YOGYAKARTA, Suara Muhammadiyah – Generasi muda menjadi tumpuan bangsa dalam mewujudkan masa depan yang menjanjikan dan pembangunan berkelanjutan. Sebagai salah satu penunjang terwujudnya hal itu, Universitas Muhammadiyah Yogyakarta (UMY) memberikan wadah bagi generasi muda khususnya mahasiswa S1 untuk menyalurkan dan mengembangkan ide gagasannya dalam forum ilmiah UMY Grace.

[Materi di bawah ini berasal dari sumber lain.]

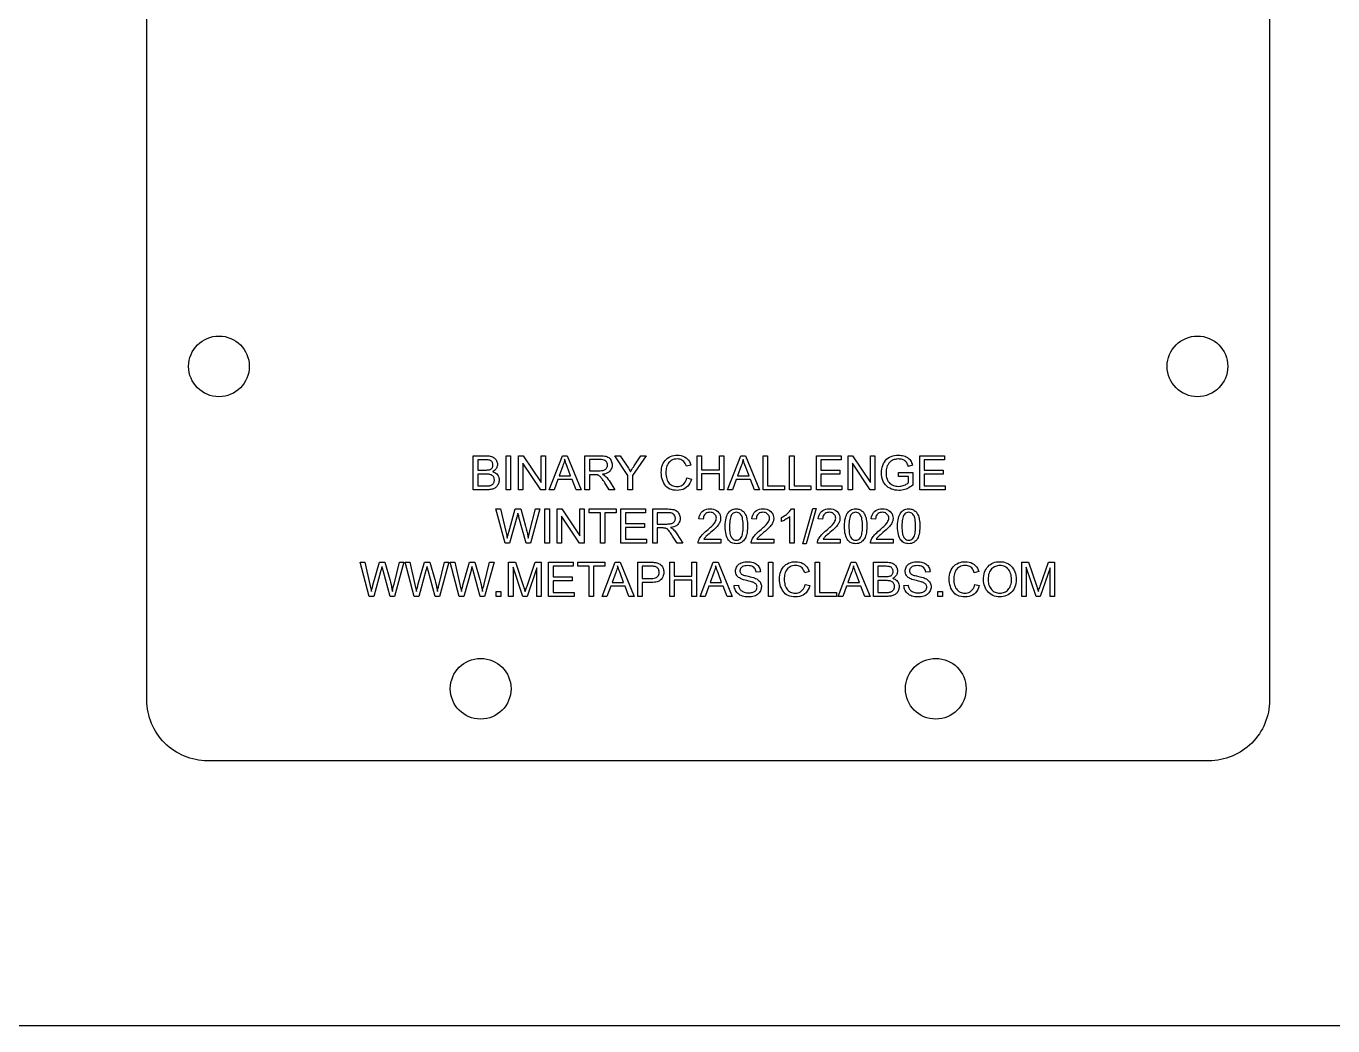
# Model space of a CAD drawing. Header units: millimetres. Extents: x 99 to 934, y 47 to 511.
# Drawn here: x 427.3 to 599.6, y 46.6 to 178.4 of the extents above; entities that cross this region are included whole.
import ezdxf

# ---------------------------------------------------------------- set-up
doc = ezdxf.new("R2010")
doc.units = ezdxf.units.MM
doc.header["$MEASUREMENT"] = 0

msp = doc.modelspace()

# ---------------------------------------------------------------- linework, layer by layer
at = {"color": 3}
msp.add_lwpolyline([(98.73, 510.88), (933.93, 510.88), (933.93, 46.58), (98.73, 46.58)], close=True, dxfattribs=at)
at = {"color": 1}
msp.add_lwpolyline([(451.21, 305.52), (583.21, 305.52, -0.414214), (591.21, 297.52), (591.21, 89.52, -0.414214), (583.21, 81.52), (451.21, 81.52, -0.414214), (443.21, 89.52), (443.21, 297.52, -0.414214)], format="xyb", close=True, dxfattribs=at)
at = {"color": 2}
for points in [[(486.24, 121.74), (487.93, 121.74), (488.13, 121.74), (488.31, 121.72), (488.47, 121.69), (488.62, 121.65), (488.75, 121.6), (488.87, 121.54), (488.98, 121.47), (489.08, 121.39), (489.17, 121.29), (489.24, 121.18), (489.31, 121.07), (489.36, 120.95), (489.39, 120.83), (489.41, 120.71), (489.42, 120.59), (489.41, 120.48), (489.39, 120.37), (489.36, 120.26), (489.32, 120.15), (489.26, 120.05), (489.19, 119.95), (489.11, 119.86), (489.02, 119.78), (488.91, 119.7), (488.79, 119.64), (488.95, 119.58), (489.09, 119.51), (489.21, 119.43), (489.32, 119.34), (489.42, 119.23), (489.5, 119.11), (489.56, 118.98), (489.6, 118.84), (489.63, 118.7), (489.64, 118.55), (489.63, 118.42), (489.62, 118.3), (489.59, 118.18), (489.55, 118.07), (489.5, 117.96), (489.45, 117.85), (489.39, 117.76), (489.32, 117.68), (489.25, 117.6), (489.17, 117.54), (489.09, 117.48), (489, 117.43), (488.9, 117.39), (488.8, 117.35), (488.68, 117.32), (488.56, 117.29), (488.42, 117.27), (488.28, 117.25), (488.12, 117.24), (487.95, 117.24), (486.24, 117.24)], [(486.83, 121.21), (486.83, 119.85), (487.81, 119.85), (487.96, 119.85), (488.09, 119.86), (488.2, 119.87), (488.3, 119.88), (488.38, 119.9), (488.46, 119.93), (488.54, 119.97), (488.61, 120.02), (488.67, 120.07), (488.72, 120.13), (488.76, 120.19), (488.79, 120.26), (488.81, 120.34), (488.83, 120.43), (488.83, 120.52), (488.83, 120.61), (488.82, 120.69), (488.79, 120.77), (488.76, 120.84), (488.73, 120.91), (488.68, 120.98), (488.62, 121.03), (488.56, 121.08), (488.49, 121.12), (488.42, 121.15), (488.33, 121.17), (488.21, 121.19), (488.08, 121.2), (487.92, 121.21), (487.73, 121.21)], [(490.56, 121.74), (491.15, 121.74), (491.15, 117.24), (490.56, 117.24)], [(492.2, 121.74), (492.81, 121.74), (495.17, 118.21), (495.17, 121.74), (495.74, 121.74), (495.74, 117.24), (495.13, 117.24), (492.77, 120.78), (492.77, 117.24), (492.2, 117.24)], [(497.98, 121.74), (498.62, 121.74), (500.46, 117.24), (499.78, 117.24), (499.26, 118.6), (497.38, 118.6), (496.88, 117.24), (496.25, 117.24)], [(499.07, 119.09), (498.6, 120.34), (498.52, 120.55), (498.45, 120.76), (498.38, 120.94), (498.33, 121.11), (498.28, 121.27), (498.25, 121.1), (498.2, 120.92), (498.16, 120.75), (498.1, 120.58), (498.04, 120.41), (497.55, 119.09)], [(503.14, 118.8), (503.07, 118.88), (503.01, 118.95), (502.95, 119.01), (502.89, 119.06), (502.83, 119.1), (502.78, 119.13), (502.73, 119.16), (502.67, 119.18), (502.62, 119.2), (502.56, 119.22), (502.52, 119.23), (502.46, 119.23), (502.39, 119.24), (502.32, 119.24), (502.23, 119.24), (501.54, 119.24), (501.54, 117.24), (500.95, 117.24), (500.95, 121.74), (502.94, 121.74), (503.17, 121.74), (503.38, 121.72), (503.56, 121.7), (503.72, 121.66), (503.85, 121.62), (503.98, 121.56), (504.09, 121.49), (504.19, 121.41), (504.28, 121.31), (504.36, 121.19), (504.42, 121.07), (504.48, 120.94), (504.51, 120.8), (504.54, 120.66), (504.54, 120.51), (504.53, 120.33), (504.49, 120.15), (504.43, 119.99), (504.34, 119.84), (504.23, 119.71), (504.1, 119.58), (503.93, 119.48), (503.74, 119.4), (503.52, 119.33), (503.27, 119.29), (503.36, 119.24), (503.45, 119.2), (503.52, 119.15), (503.58, 119.11), (503.63, 119.06), (503.74, 118.96), (503.84, 118.85), (503.94, 118.73), (504.03, 118.61), (504.13, 118.47), (504.91, 117.24), (504.16, 117.24), (503.57, 118.18), (503.47, 118.33), (503.37, 118.47), (503.29, 118.6), (503.21, 118.7)], [(501.54, 121.24), (501.54, 119.76), (502.82, 119.76), (502.98, 119.76), (503.12, 119.77), (503.25, 119.79), (503.36, 119.81), (503.46, 119.84), (503.55, 119.88), (503.63, 119.92), (503.7, 119.98), (503.76, 120.04), (503.81, 120.11), (503.85, 120.19), (503.89, 120.26), (503.91, 120.34), (503.92, 120.43), (503.93, 120.51), (503.92, 120.64), (503.89, 120.75), (503.85, 120.86), (503.78, 120.95), (503.7, 121.04), (503.59, 121.11), (503.47, 121.17), (503.32, 121.21), (503.15, 121.24), (502.96, 121.24)], [(509.02, 121.74), (507.23, 119.15), (507.23, 117.24), (506.63, 117.24), (506.63, 119.15), (504.9, 121.74), (505.62, 121.74), (506.51, 120.38), (506.6, 120.23), (506.7, 120.08), (506.79, 119.93), (506.88, 119.78), (506.96, 119.62), (507.05, 119.77), (507.14, 119.92), (507.24, 120.08), (507.34, 120.25), (507.46, 120.42), (508.33, 121.74)], [(514.4, 118.82), (514.99, 118.67), (514.91, 118.39), (514.8, 118.14), (514.66, 117.91), (514.5, 117.72), (514.32, 117.55), (514.12, 117.41), (513.9, 117.3), (513.66, 117.23), (513.4, 117.18), (513.13, 117.16), (512.85, 117.18), (512.59, 117.21), (512.36, 117.27), (512.14, 117.35), (511.95, 117.46), (511.77, 117.59), (511.62, 117.74), (511.48, 117.91), (511.36, 118.1), (511.25, 118.32), (511.17, 118.55), (511.1, 118.78), (511.05, 119.02), (511.03, 119.27), (511.02, 119.53), (511.03, 119.8), (511.06, 120.06), (511.11, 120.3), (511.19, 120.54), (511.28, 120.75), (511.4, 120.95), (511.54, 121.13), (511.69, 121.29), (511.86, 121.43), (512.05, 121.55), (512.25, 121.64), (512.46, 121.72), (512.68, 121.77), (512.91, 121.81), (513.14, 121.82), (513.4, 121.8), (513.65, 121.76), (513.87, 121.69), (514.08, 121.6), (514.28, 121.47), (514.45, 121.33), (514.6, 121.15), (514.73, 120.96), (514.83, 120.75), (514.92, 120.51), (514.33, 120.37), (514.26, 120.56), (514.18, 120.72), (514.09, 120.86), (513.99, 120.98), (513.88, 121.08), (513.75, 121.17), (513.61, 121.23), (513.46, 121.27), (513.3, 121.3), (513.13, 121.31), (512.93, 121.3), (512.74, 121.27), (512.57, 121.22), (512.41, 121.15), (512.26, 121.06), (512.13, 120.95), (512.02, 120.83), (511.92, 120.7), (511.84, 120.55), (511.77, 120.39), (511.72, 120.22), (511.68, 120.05), (511.65, 119.88), (511.64, 119.71), (511.63, 119.53), (511.64, 119.3), (511.66, 119.09), (511.69, 118.89), (511.74, 118.7), (511.8, 118.53), (511.87, 118.36), (511.96, 118.22), (512.07, 118.09), (512.18, 117.98), (512.32, 117.89), (512.46, 117.81), (512.61, 117.75), (512.76, 117.71), (512.92, 117.68), (513.08, 117.67), (513.28, 117.69), (513.46, 117.72), (513.63, 117.78), (513.78, 117.86), (513.93, 117.96), (514.06, 118.09), (514.17, 118.24), (514.26, 118.41), (514.34, 118.6)], [(515.75, 121.74), (516.34, 121.74), (516.34, 119.89), (518.68, 119.89), (518.68, 121.74), (519.28, 121.74), (519.28, 117.24), (518.68, 117.24), (518.68, 119.36), (516.34, 119.36), (516.34, 117.24), (515.75, 117.24)], [(521.5, 121.74), (522.14, 121.74), (523.99, 117.24), (523.31, 117.24), (522.78, 118.6), (520.9, 118.6), (520.41, 117.24), (519.77, 117.24)], [(522.6, 119.09), (522.13, 120.34), (522.05, 120.55), (521.97, 120.76), (521.91, 120.94), (521.86, 121.11), (521.81, 121.27), (521.77, 121.1), (521.73, 120.92), (521.68, 120.75), (521.63, 120.58), (521.57, 120.41), (521.07, 119.09)], [(524.44, 121.74), (525.03, 121.74), (525.03, 117.77), (527.25, 117.77), (527.25, 117.24), (524.44, 117.24)], [(527.93, 121.74), (528.53, 121.74), (528.53, 117.77), (530.74, 117.77), (530.74, 117.24), (527.93, 117.24)], [(531.47, 121.74), (534.72, 121.74), (534.72, 121.21), (532.06, 121.21), (532.06, 119.83), (534.55, 119.83), (534.55, 119.3), (532.06, 119.3), (532.06, 117.77), (534.82, 117.77), (534.82, 117.24), (531.47, 117.24)], [(535.64, 121.74), (536.25, 121.74), (538.61, 118.21), (538.61, 121.74), (539.19, 121.74), (539.19, 117.24), (538.57, 117.24), (536.21, 120.78), (536.21, 117.24), (535.64, 117.24)], [(541.46, 117.9), (541.62, 117.83), (541.79, 117.77), (541.95, 117.73), (542.13, 117.71), (542.3, 117.7), (542.46, 117.71), (542.61, 117.73), (542.76, 117.76), (542.91, 117.8), (543.06, 117.85), (543.2, 117.91), (543.32, 117.97), (543.43, 118.04), (543.53, 118.1), (543.62, 118.17), (543.62, 119.01), (542.29, 119.01), (542.29, 119.53), (544.2, 119.54), (544.2, 117.87), (544.02, 117.73), (543.84, 117.62), (543.66, 117.51), (543.48, 117.42), (543.29, 117.34), (543.11, 117.28), (542.92, 117.23), (542.72, 117.19), (542.53, 117.17), (542.34, 117.16), (542.07, 117.18), (541.82, 117.21), (541.58, 117.27), (541.35, 117.35), (541.13, 117.45), (540.92, 117.57), (540.74, 117.72), (540.58, 117.88), (540.43, 118.07), (540.31, 118.27), (540.21, 118.49), (540.14, 118.72), (540.08, 118.96), (540.05, 119.21), (540.04, 119.47), (540.05, 119.73), (540.08, 119.98), (540.14, 120.23), (540.21, 120.47), (540.31, 120.7), (540.43, 120.91), (540.57, 121.1), (540.73, 121.27), (540.9, 121.42), (541.1, 121.54), (541.31, 121.64), (541.54, 121.72), (541.78, 121.77), (542.03, 121.81), (542.29, 121.82), (542.48, 121.81), (542.66, 121.79), (542.84, 121.76), (543.01, 121.72), (543.17, 121.66), (543.32, 121.59), (543.46, 121.51), (543.58, 121.43), (543.69, 121.33), (543.79, 121.22), (543.88, 121.1), (543.95, 120.97), (544.02, 120.82), (544.08, 120.66), (544.13, 120.48), (543.59, 120.34), (543.55, 120.47), (543.5, 120.59), (543.45, 120.7), (543.4, 120.79), (543.34, 120.88), (543.28, 120.95), (543.2, 121.02), (543.12, 121.08), (543.02, 121.14), (542.91, 121.19), (542.8, 121.23), (542.68, 121.27), (542.55, 121.29), (542.43, 121.3), (542.29, 121.31), (542.13, 121.3), (541.98, 121.29), (541.84, 121.26), (541.71, 121.23), (541.59, 121.18), (541.47, 121.13), (541.37, 121.07), (541.27, 121.01), (541.18, 120.94), (541.11, 120.86), (541.04, 120.77), (540.97, 120.69), (540.92, 120.6), (540.87, 120.51), (540.82, 120.41), (540.76, 120.24), (540.71, 120.07), (540.68, 119.89), (540.66, 119.7), (540.65, 119.51), (540.66, 119.27), (540.68, 119.06), (540.72, 118.86), (540.78, 118.67), (540.86, 118.5), (540.95, 118.35), (541.05, 118.21), (541.17, 118.09), (541.31, 117.99)], [(545.09, 121.74), (548.34, 121.74), (548.34, 121.21), (545.68, 121.21), (545.68, 119.83), (548.17, 119.83), (548.17, 119.3), (545.68, 119.3), (545.68, 117.77), (548.45, 117.77), (548.45, 117.24), (545.09, 117.24)], [(486.83, 119.32), (486.83, 117.77), (487.95, 117.77), (488.06, 117.77), (488.16, 117.78), (488.24, 117.78), (488.31, 117.79), (488.36, 117.79), (488.44, 117.81), (488.51, 117.83), (488.58, 117.86), (488.65, 117.88), (488.7, 117.92), (488.76, 117.95), (488.81, 118), (488.85, 118.05), (488.89, 118.1), (488.93, 118.17), (488.96, 118.23), (488.99, 118.31), (489.01, 118.38), (489.02, 118.46), (489.02, 118.55), (489.01, 118.64), (489, 118.74), (488.97, 118.82), (488.94, 118.91), (488.89, 118.98), (488.84, 119.05), (488.77, 119.11), (488.7, 119.17), (488.62, 119.21), (488.53, 119.24), (488.43, 119.27), (488.32, 119.29), (488.19, 119.31), (488.04, 119.32), (487.87, 119.32)], [(492.49, 114.72), (493.14, 112.44), (493.23, 112.11), (493.31, 111.78), (493.38, 111.46), (493.44, 111.15), (493.49, 110.85), (493.52, 111.02), (493.56, 111.21), (493.61, 111.4), (493.66, 111.61), (493.71, 111.83), (494.42, 114.72), (495.02, 114.72), (493.78, 110.22), (493.21, 110.22), (492.26, 113.65), (492.22, 113.81), (492.18, 113.94), (492.15, 114.04), (492.13, 114.12), (492.12, 114.18), (492.09, 114.05), (492.06, 113.94), (492.04, 113.84), (492.01, 113.74), (491.99, 113.65), (491.03, 110.22), (490.42, 110.22), (489.23, 114.72), (489.84, 114.72), (490.53, 111.77), (490.57, 111.58), (490.61, 111.4), (490.65, 111.21), (490.68, 111.03), (490.72, 110.85), (490.76, 111.02), (490.79, 111.17), (490.82, 111.3), (490.85, 111.42), (490.88, 111.51), (490.89, 111.59), (490.91, 111.64), (490.92, 111.68), (491.77, 114.72)], [(495.67, 114.72), (496.27, 114.72), (496.27, 110.22), (495.67, 110.22)], [(497.31, 114.72), (497.92, 114.72), (500.29, 111.19), (500.29, 114.72), (500.86, 114.72), (500.86, 110.22), (500.25, 110.22), (497.88, 113.75), (497.88, 110.22), (497.31, 110.22)], [(503, 114.19), (501.52, 114.19), (501.52, 114.72), (505.09, 114.72), (505.09, 114.19), (503.6, 114.19), (503.6, 110.22), (503, 110.22)], [(505.71, 114.72), (508.96, 114.72), (508.96, 114.19), (506.31, 114.19), (506.31, 112.81), (508.8, 112.81), (508.8, 112.28), (506.31, 112.28), (506.31, 110.75), (509.07, 110.75), (509.07, 110.22), (505.71, 110.22)], [(512.09, 111.77), (512.03, 111.86), (511.96, 111.93), (511.9, 111.99), (511.84, 112.04), (511.79, 112.08), (511.74, 112.11), (511.68, 112.14), (511.63, 112.16), (511.57, 112.18), (511.52, 112.2), (511.47, 112.2), (511.42, 112.21), (511.35, 112.21), (511.27, 112.22), (511.19, 112.22), (510.5, 112.22), (510.5, 110.22), (509.9, 110.22), (509.9, 114.72), (511.9, 114.72), (512.12, 114.71), (512.33, 114.7), (512.51, 114.67), (512.67, 114.64), (512.81, 114.6), (512.93, 114.54), (513.04, 114.47), (513.14, 114.38), (513.23, 114.28), (513.31, 114.17), (513.38, 114.04), (513.43, 113.91), (513.47, 113.78), (513.49, 113.64), (513.5, 113.49), (513.49, 113.31), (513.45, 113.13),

Ini menjadi tahun kedua UMY Grace diselenggarakan. Kali ini dengan mengusung tema “Engaging Youth in Community Development to Strengthen Nation’s Welfare”. UMY Grace kedua ini diikuti oleh 38 perguruan tinggi nasional dan internasional, terdapat 521 abstrak yang masuk, 360 paper, dan 230 presenter yang mempresentasikan skripsinya secara daring, Rabu (15/9).
“Generasi muda harus memahami bahwa penelitian adalah keterampilan dasar yang harus mereka miliki. Kita semua tahu, peluang menjadi seorang wirausahawan sangat melimpah bagi generasi muda. Namun semua itu, harus dilengkapi dengan perencanaan berbasis penelitian, sehingga tujuan, rencana, dan tindakan menjadi komponen paling efektif dan nyata.” ungkap Dr. Gunawan Budiyanto M.P., IPM., Rektor UMY dalam opening ceremony UMY Grace, Rabu sore (15/9).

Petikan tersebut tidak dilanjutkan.